Ask HN: How to respond to client's request for additional integration work? - jimmy1
Hello HN, I have a tricky situation and unfortunately realizing I am very &quot;engineer&quot; minded when it comes to these situations and I need to put my &quot;business&quot; hat on.<p>We have an API that provides valuable leads to our partners. Currently we have over 50 partners that utilize this API. For all intents and purposes, the API is the product and we sell access to it.<p>We have one particular client that essentially is a low-tech client (meaning one without many tech resources at their disposal, and anything tech-work related will most likely go through a consultant or contractor for them) making a request that we basically integrate with <i>their</i> API. Although this isn&#x27;t an unreasonable request (especially at the right price) it is not a service we have the bandwidth to provide (we are a two person team and cannot feasibly provide custom integration for all of our clients) and it isn&#x27;t in our scope, contract, etc.
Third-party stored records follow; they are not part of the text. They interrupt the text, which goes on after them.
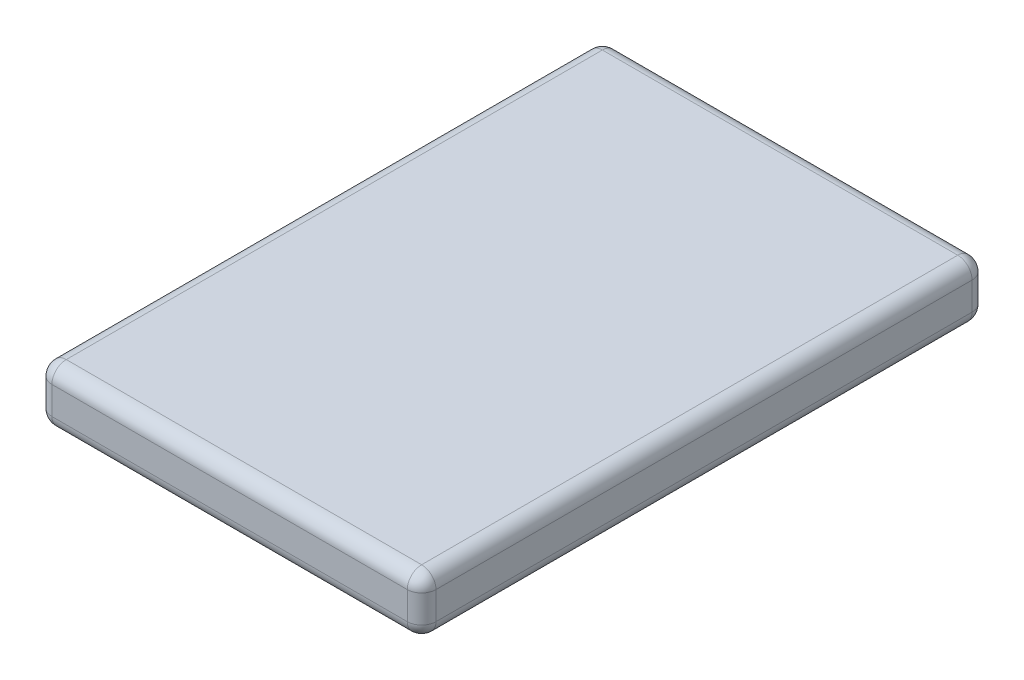
ISO-10303-21;
HEADER;
FILE_DESCRIPTION(('STEP AP214'),'2;1');
FILE_NAME('part.step','',(''),(''),'','','');
FILE_SCHEMA(('AUTOMOTIVE_DESIGN { 1 0 10303 214 1 1 1 1 }'));
ENDSEC;
DATA;
#1=APPLICATION_CONTEXT('core data for automotive mechanical design processes');
#2=APPLICATION_PROTOCOL_DEFINITION('international standard','automotive_design',2000,#1);
#3=PRODUCT_CONTEXT('',#1,'mechanical');
#4=PRODUCT('Part','Part','',(#3));
#5=PRODUCT_RELATED_PRODUCT_CATEGORY('part','',(#4));
#6=PRODUCT_DEFINITION_FORMATION('','',#4);
#7=PRODUCT_DEFINITION_CONTEXT('part definition',#1,'design');
#8=PRODUCT_DEFINITION('design','',#6,#7);
#9=PRODUCT_DEFINITION_SHAPE('','',#8);
#10=(LENGTH_UNIT() NAMED_UNIT(*) SI_UNIT(.MILLI.,.METRE.));
#11=(NAMED_UNIT(*) PLANE_ANGLE_UNIT() SI_UNIT($,.RADIAN.));
#12=(NAMED_UNIT(*) SI_UNIT($,.STERADIAN.) SOLID_ANGLE_UNIT());
#13=UNCERTAINTY_MEASURE_WITH_UNIT(LENGTH_MEASURE(1.E-05),#10,'distance_accuracy_value','');
#14=(GEOMETRIC_REPRESENTATION_CONTEXT(3) GLOBAL_UNCERTAINTY_ASSIGNED_CONTEXT((#13)) GLOBAL_UNIT_ASSIGNED_CONTEXT((#10,
#11,#12)) REPRESENTATION_CONTEXT('',''));
#15=CARTESIAN_POINT('',(0.,0.,0.));
#16=DIRECTION('',(0.,0.,1.));
#17=DIRECTION('',(1.,0.,0.));
#18=AXIS2_PLACEMENT_3D('',#15,#16,#17);
#19=CARTESIAN_POINT('',(-15.73,-1.23,50.000000076));
#20=DIRECTION('',(0.,0.,-1.));
#21=DIRECTION('',(-1.,0.,0.));
#22=AXIS2_PLACEMENT_3D('',#19,#20,#21);
#23=CYLINDRICAL_SURFACE('',#22,1.27);
#24=DIRECTION('',(0.,0.,-1.));
#25=VECTOR('',#24,1.);
#26=CARTESIAN_POINT('',(-15.73,-2.5,50.000000076));
#27=LINE('',#26,#25);
#28=CARTESIAN_POINT('',(-15.73,-2.5,48.730000076));
#29=VERTEX_POINT('',#28);
#30=CARTESIAN_POINT('',(-15.73,-2.5,1.27));
#31=VERTEX_POINT('',#30);
#32=EDGE_CURVE('E170',#29,#31,#27,.T.);
#33=ORIENTED_EDGE('',*,*,#32,.F.);
#34=CARTESIAN_POINT('',(-15.73,-1.23,48.730000076));
#35=DIRECTION('',(0.,0.,-1.));
#36=DIRECTION('',(-1.,0.,0.));
#37=AXIS2_PLACEMENT_3D('',#34,#35,#36);
#38=CIRCLE('',#37,1.27);
#39=CARTESIAN_POINT('',(-17.,-1.23,48.730000076));
#40=VERTEX_POINT('',#39);
#41=EDGE_CURVE('E190',#29,#40,#38,.T.);
#42=ORIENTED_EDGE('',*,*,#41,.T.);
#43=DIRECTION('',(0.,0.,-1.));
#44=VECTOR('',#43,1.);
#45=CARTESIAN_POINT('',(-17.,-1.23,50.000000076));
#46=LINE('',#45,#44);
#47=CARTESIAN_POINT('',(-17.,-1.23,1.27));
#48=VERTEX_POINT('',#47);
#49=EDGE_CURVE('E256',#40,#48,#46,.T.);
#50=ORIENTED_EDGE('',*,*,#49,.T.);
#51=CARTESIAN_POINT('',(-15.73,-1.23,1.27));
#52=DIRECTION('',(0.,0.,-1.));
#53=DIRECTION('',(-1.,0.,0.));
#54=AXIS2_PLACEMENT_3D('',#51,#52,#53);
#55=CIRCLE('',#54,1.27);
#56=EDGE_CURVE('E187',#48,#31,#55,.F.);
#57=ORIENTED_EDGE('',*,*,#56,.T.);
#58=EDGE_LOOP('',(#33,#42,#50,#57));
#59=FACE_BOUND('',#58,.T.);
#60=ADVANCED_FACE('F45',(#59),#23,.T.);
#61=CARTESIAN_POINT('',(-15.73,-2.5,50.000000076));
#62=DIRECTION('',(0.,1.,0.));
#63=DIRECTION('',(0.,0.,1.));
#64=AXIS2_PLACEMENT_3D('',#61,#62,#63);
#65=PLANE('',#64);
#66=DIRECTION('',(0.,0.,-1.));
#67=VECTOR('',#66,1.);
#68=CARTESIAN_POINT('',(15.73,-2.5,50.000000076));
#69=LINE('',#68,#67);
#70=CARTESIAN_POINT('',(15.73,-2.5,48.730000076));
#71=VERTEX_POINT('',#70);
#72=CARTESIAN_POINT('',(15.73,-2.5,1.27));
#73=VERTEX_POINT('',#72);
#74=EDGE_CURVE('E315',#71,#73,#69,.T.);
#75=ORIENTED_EDGE('',*,*,#74,.F.);
#76=DIRECTION('',(1.,0.,0.));
#77=VECTOR('',#76,1.);
#78=CARTESIAN_POINT('',(-15.73,-2.5,48.730000076));
#79=LINE('',#78,#77);
#80=EDGE_CURVE('E145',#71,#29,#79,.F.);
#81=ORIENTED_EDGE('',*,*,#80,.T.);
#82=ORIENTED_EDGE('',*,*,#32,.T.);
#83=DIRECTION('',(1.,0.,0.));
#84=VECTOR('',#83,1.);
#85=CARTESIAN_POINT('',(15.73,-2.5,1.27));
#86=LINE('',#85,#84);
#87=EDGE_CURVE('E177',#31,#73,#86,.T.);
#88=ORIENTED_EDGE('',*,*,#87,.T.);
#89=EDGE_LOOP('',(#75,#81,#82,#88));
#90=FACE_BOUND('',#89,.T.);
#91=ADVANCED_FACE('F351',(#90),#65,.F.);
#92=CARTESIAN_POINT('',(15.73,-1.23,50.000000076));
#93=DIRECTION('',(0.,0.,-1.));
#94=DIRECTION('',(-1.,0.,0.));
#95=AXIS2_PLACEMENT_3D('',#92,#93,#94);
#96=CYLINDRICAL_SURFACE('',#95,1.27);
#97=ORIENTED_EDGE('',*,*,#74,.T.);
#98=CARTESIAN_POINT('',(15.73,-1.23,1.27));
#99=DIRECTION('',(0.,0.,-1.));
#100=DIRECTION('',(-1.,0.,0.));
#101=AXIS2_PLACEMENT_3D('',#98,#99,#100);
#102=CIRCLE('',#101,1.27);
#103=CARTESIAN_POINT('',(17.,-1.23,1.27));
#104=VERTEX_POINT('',#103);
#105=EDGE_CURVE('E225',#73,#104,#102,.F.);
#106=ORIENTED_EDGE('',*,*,#105,.T.);
#107=DIRECTION('',(0.,0.,-1.));
#108=VECTOR('',#107,1.);
#109=CARTESIAN_POINT('',(17.,-1.23,50.000000076));
#110=LINE('',#109,#108);
#111=CARTESIAN_POINT('',(17.,-1.23,48.730000076));
#112=VERTEX_POINT('',#111);
#113=EDGE_CURVE('E313',#112,#104,#110,.T.);
#114=ORIENTED_EDGE('',*,*,#113,.F.);
#115=CARTESIAN_POINT('',(15.73,-1.23,48.730000076));
#116=DIRECTION('',(0.,0.,-1.));
#117=DIRECTION('',(-1.,0.,0.));
#118=AXIS2_PLACEMENT_3D('',#115,#116,#117);
#119=CIRCLE('',#118,1.27);
#120=EDGE_CURVE('E155',#112,#71,#119,.T.);
#121=ORIENTED_EDGE('',*,*,#120,.T.);
#122=EDGE_LOOP('',(#97,#106,#114,#121));
#123=FACE_BOUND('',#122,.T.);
#124=ADVANCED_FACE('F312',(#123),#96,.T.);
#125=CARTESIAN_POINT('',(17.,-1.23,50.000000076));
#126=DIRECTION('',(-1.,0.,0.));
#127=DIRECTION('',(0.,0.,1.));
#128=AXIS2_PLACEMENT_3D('',#125,#126,#127);
#129=PLANE('',#128);
#130=DIRECTION('',(0.,0.,-1.));
#131=VECTOR('',#130,1.);
#132=CARTESIAN_POINT('',(17.,1.23,50.000000076));
#133=LINE('',#132,#131);
#134=CARTESIAN_POINT('',(17.,1.23,48.730000076));
#135=VERTEX_POINT('',#134);
#136=CARTESIAN_POINT('',(17.,1.23,1.27));
#137=VERTEX_POINT('',#136);
#138=EDGE_CURVE('E318',#135,#137,#133,.T.);
#139=ORIENTED_EDGE('',*,*,#138,.F.);
#140=DIRECTION('',(0.,1.,0.));
#141=VECTOR('',#140,1.);
#142=CARTESIAN_POINT('',(17.,-1.23,48.730000076));
#143=LINE('',#142,#141);
#144=EDGE_CURVE('E220',#135,#112,#143,.F.);
#145=ORIENTED_EDGE('',*,*,#144,.T.);
#146=ORIENTED_EDGE('',*,*,#113,.T.);
#147=DIRECTION('',(0.,1.,0.));
#148=VECTOR('',#147,1.);
#149=CARTESIAN_POINT('',(17.,1.23,1.27));
#150=LINE('',#149,#148);
#151=EDGE_CURVE('E217',#104,#137,#150,.T.);
#152=ORIENTED_EDGE('',*,*,#151,.T.);
#153=EDGE_LOOP('',(#139,#145,#146,#152));
#154=FACE_BOUND('',#153,.T.);
#155=ADVANCED_FACE('F316',(#154),#129,.F.);
#156=CARTESIAN_POINT('',(15.73,1.23,50.000000076));
#157=DIRECTION('',(0.,0.,-1.));
#158=DIRECTION('',(-1.,0.,0.));
#159=AXIS2_PLACEMENT_3D('',#156,#157,#158);
#160=CYLINDRICAL_SURFACE('',#159,1.27);
#161=DIRECTION('',(0.,0.,-1.));
#162=VECTOR('',#161,1.);
#163=CARTESIAN_POINT('',(15.73,2.5,50.000000076));
#164=LINE('',#163,#162);
#165=CARTESIAN_POINT('',(15.73,2.5,48.730000076));
#166=VERTEX_POINT('',#165);
#167=CARTESIAN_POINT('',(15.73,2.5,1.27));
#168=VERTEX_POINT('',#167);
#169=EDGE_CURVE('E323',#166,#168,#164,.T.);
#170=ORIENTED_EDGE('',*,*,#169,.F.);
#171=CARTESIAN_POINT('',(15.73,1.23,48.730000076));
#172=DIRECTION('',(0.,0.,-1.));
#173=DIRECTION('',(-1.,0.,0.));
#174=AXIS2_PLACEMENT_3D('',#171,#172,#173);
#175=CIRCLE('',#174,1.27);
#176=EDGE_CURVE('E214',#166,#135,#175,.T.);
#177=ORIENTED_EDGE('',*,*,#176,.T.);
#178=ORIENTED_EDGE('',*,*,#138,.T.);
#179=CARTESIAN_POINT('',(15.73,1.23,1.27));
#180=DIRECTION('',(0.,0.,-1.));
#181=DIRECTION('',(-1.,0.,0.));
#182=AXIS2_PLACEMENT_3D('',#179,#180,#181);
#183=CIRCLE('',#182,1.27);
#184=EDGE_CURVE('E211',#137,#168,#183,.F.);
#185=ORIENTED_EDGE('',*,*,#184,.T.);
#186=EDGE_LOOP('',(#170,#177,#178,#185));
#187=FACE_BOUND('',#186,.T.);
#188=ADVANCED_FACE('F519',(#187),#160,.T.);
#189=CARTESIAN_POINT('',(-15.73,2.5,50.000000076));
#190=DIRECTION('',(0.,-1.,0.));
#191=DIRECTION('',(0.,0.,-1.));
#192=AXIS2_PLACEMENT_3D('',#189,#190,#191);
#193=PLANE('',#192);
#194=DIRECTION('',(0.,0.,-1.));
#195=VECTOR('',#194,1.);
#196=CARTESIAN_POINT('',(-15.73,2.5,50.000000076));
#197=LINE('',#196,#195);
#198=CARTESIAN_POINT('',(-15.73,2.5,48.730000076));
#199=VERTEX_POINT('',#198);
#200=CARTESIAN_POINT('',(-15.73,2.5,1.27));
#201=VERTEX_POINT('',#200);
#202=EDGE_CURVE('E578',#199,#201,#197,.T.);
#203=ORIENTED_EDGE('',*,*,#202,.F.);
#204=DIRECTION('',(-1.,0.,0.));
#205=VECTOR('',#204,1.);
#206=CARTESIAN_POINT('',(-15.73,2.5,48.730000076));
#207=LINE('',#206,#205);
#208=EDGE_CURVE('E208',#199,#166,#207,.F.);
#209=ORIENTED_EDGE('',*,*,#208,.T.);
#210=ORIENTED_EDGE('',*,*,#169,.T.);
#211=DIRECTION('',(-1.,0.,0.));
#212=VECTOR('',#211,1.);
#213=CARTESIAN_POINT('',(-15.73,2.5,1.27));
#214=LINE('',#213,#212);
#215=EDGE_CURVE('E205',#168,#201,#214,.T.);
#216=ORIENTED_EDGE('',*,*,#215,.T.);
#217=EDGE_LOOP('',(#203,#209,#210,#216));
#218=FACE_BOUND('',#217,.T.);
#219=ADVANCED_FACE('F510',(#218),#193,.F.);
#220=CARTESIAN_POINT('',(-15.73,1.23,50.000000076));
#221=DIRECTION('',(0.,0.,-1.));
#222=DIRECTION('',(-1.,0.,0.));
#223=AXIS2_PLACEMENT_3D('',#220,#221,#222);
#224=CYLINDRICAL_SURFACE('',#223,1.27);
#225=DIRECTION('',(0.,0.,-1.));
#226=VECTOR('',#225,1.);
#227=CARTESIAN_POINT('',(-17.,1.23,50.000000076));
#228=LINE('',#227,#226);
#229=CARTESIAN_POINT('',(-17.,1.23,48.730000076));
#230=VERTEX_POINT('',#229);
#231=CARTESIAN_POINT('',(-17.,1.23,1.27));
#232=VERTEX_POINT('',#231);
#233=EDGE_CURVE('E581',#230,#232,#228,.T.);
#234=ORIENTED_EDGE('',*,*,#233,.F.);
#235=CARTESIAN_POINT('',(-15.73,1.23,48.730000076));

We are not a software consultancy -- we run an API. (We also provide hosted leads on our SFTP server if clients prefer that method of delivery, but there advantages to using the API in that you can receive leads in real time)<p>We have tried to explain to this client that if they need our leads sent to their system (I believe they want us to integrate with their CRM solution), they could utilize something like a Zapier, but we do not provide integrations.<p>We have a phone call coming up with them shortly, and I want to make sure I navigate this situation gingerly. Thank you for all advice, truly.
======
CodingAdam
It seems that you have two options, First option, can you provide what the
client is asking without risking the product? If so go in the meeting prepared
with a project proposial and negotiate your price.

But if this is something too much to do and will eventually harm the product
since you said it its a two person team, then its probably best to let them
know that you cannot offer that service but be ready to offer them some
advice/recommendation, for example if you have a company in mind that could do
the job.

------
thinkingemote
Seems they might need you assistance in finding out what they actually need.
Just because they say we want X deosnt mean that's what they actually need.

So, requirements specification, user stories etc.

The next thing is to tell them you will sort it, charge them lots and just
subcontract to some freelancers or another company if your own cannot handle
the extra work load.

------
gus_massa
Are they using some popular framework? Do other clients (or potential clients)
use it?

------
chrisbennet
Be nice, but lose the client in some fashion.

Concentrate your limited resources on your core business.